De nuevo sentí correr por mis venas el ardor que en los momentos de exaltación me quemaba; algo como un desconocido impulso de abnegación y coraje, el deseo de ver delante mis ojos el fragor de las ametralladoras y hacer vomitar de la mía la muerte de tantos infelices a quienes habían hecho creer que iban a defender lo justo.
¡Qué cruel es la guerra y qué absurda!... Es el sueño de paz, la ansiedad humana de horizontes sin confines, el milagro de la fraternidad y la concordia que se quiebra y despedaza destilando sangre y dolor, dejando miseria y desolación para la humanidad; es el sueño de grandeza que se convierte en pesadilla por el egoísmo y la ansiedad de dominación y poder, pasiones que aprenden a manejar los ideólogos profesionales los retóricos trastornados; son los surcos de caos y destrucción que riegan el mundo con sangre, siembran odio y rencores, para una cosecha de hambre y pillaje.

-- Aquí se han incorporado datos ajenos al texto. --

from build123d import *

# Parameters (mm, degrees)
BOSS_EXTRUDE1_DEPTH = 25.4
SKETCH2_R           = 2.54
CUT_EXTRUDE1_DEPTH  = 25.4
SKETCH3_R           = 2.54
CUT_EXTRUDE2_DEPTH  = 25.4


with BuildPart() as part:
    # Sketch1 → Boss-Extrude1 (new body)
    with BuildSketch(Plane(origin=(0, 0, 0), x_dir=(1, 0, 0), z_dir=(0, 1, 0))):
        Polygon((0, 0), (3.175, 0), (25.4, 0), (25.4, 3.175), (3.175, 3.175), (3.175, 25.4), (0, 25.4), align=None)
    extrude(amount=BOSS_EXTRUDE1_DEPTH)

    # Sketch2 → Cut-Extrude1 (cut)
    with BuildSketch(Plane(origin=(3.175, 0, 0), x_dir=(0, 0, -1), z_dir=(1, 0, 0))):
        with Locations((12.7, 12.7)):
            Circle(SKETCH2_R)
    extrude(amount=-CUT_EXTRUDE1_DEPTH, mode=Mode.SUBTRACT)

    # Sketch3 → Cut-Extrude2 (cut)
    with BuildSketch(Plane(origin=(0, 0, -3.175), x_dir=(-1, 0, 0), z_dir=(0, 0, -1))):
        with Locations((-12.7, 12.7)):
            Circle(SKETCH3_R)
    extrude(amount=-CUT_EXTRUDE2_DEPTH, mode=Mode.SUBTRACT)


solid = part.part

Enfrenta hombres contra hambres, pueblos contra pueblos, razas contra razas, idea contra ideas; cada bando tiene una razón que muchos no comprenden, no la saben, ni la han oído siquiera, pero son arrastrados por el torbellino, tragados por la vorágine, lanzados unos contra otros, no a disuadir o convencer, sino decididos a destruir, aniquilar, acabar con quienes no ceden o no piensan corno ellos; a sembrar de cadáveres los campos de batalla, por un principio.., por una causa... ¡Es matar o morir!
En sus hogares ruegan por su salvación… por su regreso, pero no puede el destino complacer todos los ruegos y al final de la contienda, mientras unos celebran el retorno del combatiente que llega arrastrando la psicosis horrorosa de los gritos de angustia, los lamentos, las convulsiones, las muecas agonizantes; que vuelve cubierto de heridas, pero vivo al fin, otros lloran lágrimas de fuego y tragan amargura por los que no vuelven, por los que destrozados quedaron en los embudos del campo de batalla, blanqueando sus huesos, como macabro símbolo de horror y muerte, donde entre el fragor del combate y el estruendo de las máquinas cayeron para no levantarse, quizá lanzando con su último aliento una maldición a la humanidad; dejando a la posteridad una terrible interrogante, un punzante anatema a la civilización.
Pero mis divagaciones se perdían… al fin y al cabo la guerra es la guerra y si habría sido guerra la nuestra, cayera quien cayera no habría sido, como no fue, motivo de lamentaciones; los que se sacrificaron pusieron un blasón más a nuestra estirpe loretana, fueron un orgullo para los padres, las esposas se sintieron partícipes de su gloria, los hermanos dijeron: ¡Mi hermano fue uno de ellos!... ¡Sin lágrimas ni recriminaciones!... Para que los que cayeron sigan creciendo en el recuerdo, sean más grandes que la inmensidad del suelo por el que fueron a luchar.


MOTELO*.- Tortuga de tierra.
CHARAPA*.- Tortuga de agua dulce, de río.